* [Problem to work on]: Search the entries below for the string "units" and copy the lines that hold it.

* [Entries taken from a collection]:

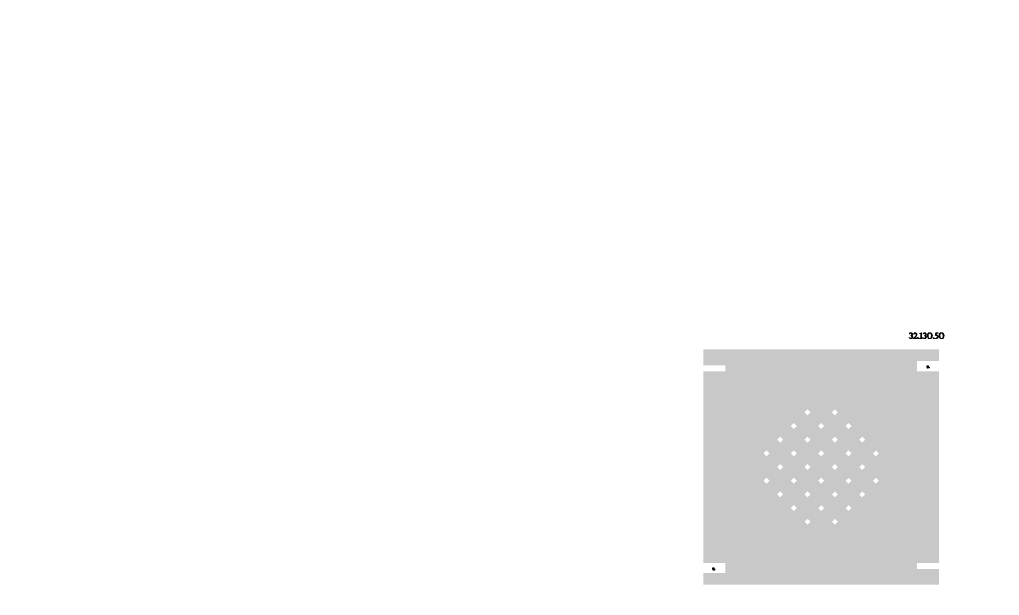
# Model space of a CAD drawing. Header units: inches. Extents: x -55000 to 163233, y -55008 to 54992.
# Drawn here: x -23882 to -12231, y 4824 to 11671 of the extents above; entities that cross this region are included whole.
import ezdxf

# ---------------------------------------------------------------- set-up
doc = ezdxf.new("R2010")
doc.units = ezdxf.units.IN
doc.header["$MEASUREMENT"] = 0
doc.linetypes.add('ACAD_ISO07W100', pattern=[3, 0, -3])
doc.layers.get('0').update_dxf_attribs({"color": 20, "linetype": 'ACAD_ISO07W100'})
doc.layers.add('L10D0 Abs', color=4, linetype='Continuous')

# ---------------------------------------------------------------- blocks, each defined once
blk = doc.blocks.new('TUNE')
at = {"layer": 'L10D0 Abs'}
for points in [[(-10, 0), (-10, 12), (-14, 12), (-14, 28), (-10, 28), (-10, 16), (-6, 16), (-6, 28), (-2, 28), (-2, 12), (-6, 12), (-6, 0)], [(4, 0), (4, 6), (2, 6), (2, 14), (4, 14), (4, 8), (6, 8), (6, 14), (8, 14), (8, 6), (6, 6), (6, 0)]]:
    blk.add_lwpolyline(points, close=True, dxfattribs=at)

msp = doc.modelspace()

# ---------------------------------------------------------------- hatches: boundary and pattern name
at = {"layer": 'L10D0 Abs', "transparency": 33554483}
h = msp.add_hatch(color=256, dxfattribs=at)
h.dxf.hatch_style = 1
h.paths.add_polyline_path([(-13292.69607, 7944.58716), (-13298.24853, 7939.03471), (-13300.46951, 7933.48226), (-13300.46951, 7931.26128), (-13299.35902, 7931.26128), (-13296.02754, 7936.81373), (-13297.13804, 7937.92422), (-13291.58558, 7942.36618), (-13284.92264, 7944.58716)])
h = msp.add_hatch(color=256, dxfattribs=at)
h.dxf.hatch_style = 1
h.paths.add_polyline_path([(-13289.3646, 7942.36618), (-13297.13804, 7937.92422), (-13296.02754, 7936.81373), (-13290.47509, 7940.1452), (-13284.92264, 7941.25569)], flags=17)
h = msp.add_hatch(color=256, dxfattribs=at)
h.dxf.hatch_style = 1
h.paths.add_polyline_path([(-13284.92264, 7942.36618), (-13289.3646, 7942.36618), (-13284.92264, 7941.25569), (-13280.48068, 7940.1452), (-13274.92823, 7935.70324), (-13272.70725, 7929.04029), (-13273.81774, 7926.81931), (-13276.03872, 7919.04588), (-13278.2597, 7916.8249), (-13286.03313, 7912.38294), (-13280.48068, 7911.27245), (-13272.70725, 7909.05147), (-13268.26529, 7903.49902), (-13266.04431, 7895.72559), (-13269.37578, 7886.84166), (-13276.03872, 7881.28921), (-13276.03872, 7880.17872), (-13284.92264, 7877.95774), (-13293.80656, 7877.95774), (-13292.69607, 7877.95774), (-13283.81215, 7876.84725), (-13280.48068, 7876.84725), (-13271.59676, 7879.06823), (-13270.48627, 7880.17872), (-13263.82333, 7886.84166), (-13261.60235, 7895.72559), (-13261.60235, 7900.16755), (-13266.04431, 7906.83049), (-13269.37578, 7909.05147), (-13277.14921, 7912.38294), (-13280.48068, 7913.49343), (-13279.37019, 7914.60392), (-13273.81774, 7920.15637), (-13271.59676, 7929.04029), (-13273.81774, 7935.70324), (-13278.2597, 7940.1452)])
h = msp.add_hatch(color=256, dxfattribs=at)
h.dxf.hatch_style = 1
h.paths.add_polyline_path([(-13283.81215, 7946.80814), (-13292.69607, 7944.58716), (-13284.92264, 7944.58716), (-13276.03872, 7942.36618), (-13270.48627, 7936.81373), (-13268.26529, 7927.9298), (-13271.59676, 7919.04588), (-13272.70725, 7917.93539), (-13280.48068, 7913.49343), (-13277.14921, 7912.38294), (-13269.37578, 7917.93539), (-13264.93382, 7923.48784), (-13263.82333, 7930.15078), (-13266.04431, 7937.92422), (-13272.70725, 7943.47667), (-13273.81774, 7944.58716)])
h = msp.add_hatch(color=256, dxfattribs=at)
h.dxf.hatch_style = 1
h.paths.add_polyline_path([(-13234.95058, 7940.1452), (-13234.95058, 7939.03471), (-13227.17715, 7936.81373), (-13221.62469, 7931.26128), (-13219.40371, 7923.48784), (-13220.5142, 7919.04588), (-13223.84567, 7910.16196), (-13228.28764, 7903.49902), (-13234.95058, 7896.83608), (-13240.50303, 7891.28362), (-13246.05548, 7886.84166), (-13251.60793, 7883.51019), (-13256.04989, 7879.06823), (-13227.17715, 7880.17872), (-13234.95058, 7880.17872), (-13240.50303, 7880.17872), (-13244.94499, 7881.28921), (-13248.27646, 7881.28921), (-13241.61352, 7886.84166), (-13240.50303, 7890.17313), (-13233.84009, 7895.72559), (-13228.28764, 7902.38853), (-13224.95616, 7905.72), (-13220.5142, 7913.49343), (-13220.5142, 7914.60392), (-13218.29322, 7923.48784), (-13220.5142, 7932.37177), (-13226.06666, 7937.92422)])
h = msp.add_hatch(color=256, dxfattribs=at)
h.dxf.hatch_style = 1
h.paths.add_polyline_path([(-13241.61352, 7944.58716), (-13247.16597, 7939.03471), (-13248.27646, 7937.92422), (-13250.49744, 7930.15078), (-13248.27646, 7933.48226), (-13247.16597, 7934.59275), (-13241.61352, 7941.25569), (-13232.7296, 7942.36618)])
h = msp.add_hatch(color=256, dxfattribs=at)
h.dxf.hatch_style = 1
h.paths.add_polyline_path([(-13234.95058, 7940.1452), (-13242.72401, 7939.03471), (-13247.16597, 7933.48226), (-13248.27646, 7933.48226), (-13250.49744, 7930.15078), (-13249.38695, 7927.9298), (-13249.38695, 7926.81931), (-13248.27646, 7927.9298), (-13244.94499, 7935.70324), (-13242.72401, 7936.81373), (-13234.95058, 7939.03471)], flags=17)
h = msp.add_hatch(color=256, dxfattribs=at)
h.dxf.hatch_style = 1
h.paths.add_polyline_path([(-13231.61911, 7946.80814), (-13232.7296, 7946.80814), (-13241.61352, 7944.58716), (-13232.7296, 7942.36618), (-13224.95616, 7940.1452), (-13223.84567, 7940.1452), (-13218.29322, 7934.59275), (-13217.18273, 7933.48226), (-13214.96175, 7924.59833), (-13216.07224, 7916.8249), (-13220.5142, 7907.94098), (-13222.73518, 7906.83049), (-13228.28764, 7900.16755), (-13232.7296, 7895.72559), (-13240.50303, 7890.17313), (-13241.61352, 7886.84166), (-13233.84009, 7892.39411), (-13230.50862, 7894.61509), (-13223.84567, 7901.27804), (-13222.73518, 7902.38853), (-13217.18273, 7909.05147), (-13216.07224, 7910.16196), (-13211.63028, 7917.93539), (-13210.51979, 7926.81931), (-13211.63028, 7934.59275), (-13216.07224, 7941.25569), (-13223.84567, 7944.58716)])
h = msp.add_hatch(color=256, dxfattribs=at)
h.dxf.hatch_style = 1
h.paths.add_polyline_path([(-13156.10577, 7946.80814), (-13162.76871, 7943.47667), (-13162.76871, 7879.06823), (-13166.10018, 7879.06823), (-13180.53655, 7877.95774), (-13180.53655, 7876.84725), (-13146.11135, 7876.84725), (-13146.11135, 7877.95774), (-13156.10577, 7879.06823), (-13156.10577, 7881.28921), (-13157.21626, 7890.17313), (-13157.21626, 7899.05706), (-13157.21626, 7912.38294), (-13157.21626, 7914.60392), (-13157.21626, 7923.48784), (-13157.21626, 7933.48226), (-13157.21626, 7939.03471)])
h = msp.add_hatch(color=256, dxfattribs=at)
h.dxf.hatch_style = 1
h.paths.add_polyline_path([(-13166.10018, 7942.36618), (-13168.32116, 7939.03471), (-13167.21067, 7930.15078), (-13167.21067, 7921.26686), (-13167.21067, 7909.05147), (-13167.21067, 7904.60951), (-13167.21067, 7894.61509), (-13168.32116, 7886.84166), (-13168.32116, 7879.06823), (-13180.53655, 7877.95774), (-13166.10018, 7879.06823)], flags=17)
h = msp.add_hatch(color=256, dxfattribs=at)
h.dxf.hatch_style = 1
h.paths.add_polyline_path([(-13156.10577, 7946.80814), (-13160.54773, 7946.80814), (-13179.42606, 7937.92422), (-13168.32116, 7939.03471), (-13166.10018, 7942.36618), (-13162.76871, 7943.47667)], flags=17)
h = msp.add_hatch(color=256, dxfattribs=at)
h.dxf.hatch_style = 1
h.paths.add_polyline_path([(-13129.454, 7944.58716), (-13135.00645, 7939.03471), (-13137.22743, 7933.48226), (-13137.22743, 7931.26128), (-13136.11694, 7931.26128), (-13132.78547, 7936.81373), (-13133.89596, 7937.92422), (-13128.34351, 7942.36618), (-13120.57008, 7944.58716)])
h = msp.add_hatch(color=256, dxfattribs=at)
h.dxf.hatch_style = 1
h.paths.add_polyline_path([(-13125.01204, 7942.36618), (-13133.89596, 7937.92422), (-13132.78547, 7936.81373), (-13127.23302, 7940.1452), (-13121.68057, 7941.25569)], flags=17)
h = msp.add_hatch(color=256, dxfattribs=at)
h.dxf.hatch_style = 1
h.paths.add_polyline_path([(-13121.68057, 7942.36618), (-13125.01204, 7942.36618), (-13121.68057, 7941.25569), (-13116.12811, 7940.1452), (-13111.68615, 7935.70324), (-13109.46517, 7929.04029), (-13109.46517, 7926.81931), (-13112.79664, 7919.04588), (-13115.01762, 7916.8249), (-13122.79106, 7912.38294), (-13117.2386, 7911.27245), (-13109.46517, 7909.05147), (-13105.02321, 7903.49902), (-13102.80223, 7895.72559), (-13105.02321, 7886.84166), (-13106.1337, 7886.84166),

* [Solution for this task]:
# Model space of a CAD drawing. Header units: inches. Extents: x -55000 to 163233, y -55008 to 54992.
doc.units = ezdxf.units.IN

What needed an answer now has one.